Gunshot sensor technology involves sensors, essentially microphones, mounted on buildings and utility poles.

These sensors detect the sound waves of a gunshot, and software calculates input from several sensors to triangulate its location with a margin of error of about 25 metres. The system can distinguish between single and multiple gunshots, and can differentiate gunshots from fireworks and other sounds that may activate it.

The idea is to detect gunshots that go unreported and provide responders with more accurate information on the point of origin than they can glean from citizens’ calls.

About 90 US cities have this technology, and Oakland’s system has been in place since 2006. Fewer than 20 per cent of shots fired are reported to police, the study authors stated.

The research into the technology comes at a particularly pertinent time, just weeks after a shooting in Las Vegas killed over 50 people and injured more than 500. It was also the 273rd mass shooting that the US had experienced in 2017 according to the Gun Violence Archive, amounting to almost one a day.

The researchers analysed cases of 731 gunshot victims, 192 (26 per cent) of whom were identified with acoustic sensor technology.

Compared to shooting victims identified with conventional policing methods, sensor-related patients were more likely to be female (20.8 per cent vs 12.8 per cent), have higher injury severity scores (13.8 per cent vs 10.7 per cent), spend more days on mechanical ventilation (1.2 days vs 0.7 days) and more time in the hospital (8.4 days vs 5.7 days).

They were also more likely to need an operation (44.8 per cent vs. 35.6 per cent), although the difference in mortality was not statistically significant: 12 per cent for sensor-related victims and 10.2 per cent for others.

“We found that gunshot victims whom we could connect to a gunshot sensor activation experienced decreased prehospital time and emergency medical service on-scene times compared with those who were presumably discovered due to standard policing methods,” Brooke said.

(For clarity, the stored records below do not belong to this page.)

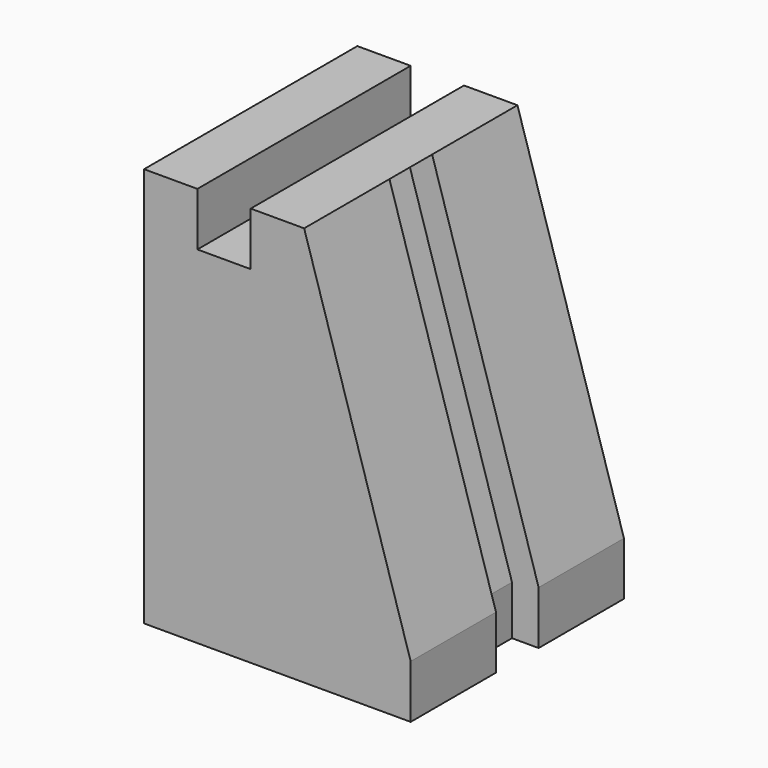
from build123d import *

# Parameters (mm, degrees)
F1_DEPTH = 100
F3_W     = 20
F3_H     = 20
F4_DEPTH = 10
F2_W     = 20
F2_H     = 136
F5_DEPTH = 10
F6_DEPTH = 10
F7_W     = 20
F7_H     = 136
F8_DEPTH = 10


with BuildPart() as f1:
    # F0 (on Front) → F1 (new body)
    with BuildSketch(Plane.XZ):
        Polygon((0, 150), (0, 0), (100, 0), (100, 20), (60.0500312891, 150), (40, 150), (40, 130), (20, 130), (20, 150), align=None)
    extrude(amount=F1_DEPTH)

    # F3 (on face) → F4 (cut)
    with BuildSketch(Plane.YZ.offset(100)):
        with Locations((-50, 10)):
            Rectangle(F3_W, F3_H)
    extrude(amount=-F4_DEPTH, mode=Mode.SUBTRACT)

    # F2 (on face) → F5 (join)
    with BuildSketch(Plane(origin=(96.9869116916, 0, 29.8048006727), x_dir=(0, 1, 0), z_dir=(0.9558823529, 0, 0.2937497699))):
        with Locations((-50, 57.7426700655)):
            Rectangle(F2_W, F2_H)
    extrude(amount=F5_DEPTH)

    # F6 (cut): a face of the model
    f6_faces = [f1.faces().sort_by_distance(p)[0] for p in [
        (89.583839174, -50, 87.9374976993),
    ]]
    extrude(f6_faces, amount=-F6_DEPTH, mode=Mode.SUBTRACT)

    # F7 (on face) → F8 (cut)
    with BuildSketch(Plane(origin=(96.9869116916, 0, 29.8048006727), x_dir=(0, 1, 0), z_dir=(0.9558823529, 0, 0.2937497699))):
        with Locations((-50, 57.7426700655)):
            Rectangle(F7_W, F7_H)
    extrude(amount=-F8_DEPTH, mode=Mode.SUBTRACT)


solid = f1.part

“These patients also experienced a similar mortality to the control group despite having higher injury severity scores, suggesting that this method of alerting police may lead to better than expected outcomes.”

The sensor technology does not necessarily change the way trauma centres receive notification of gunshot victims, Brooke said, but she added, “our study shows that the use of gunshot sensor technology by police may help paramedics treat and transport these patients to the hospital more rapidly”.

In July researchers from the University of Granada, Spain, demonstrated a smart computer system that can detect when a gun is drawn in real-time using video footage.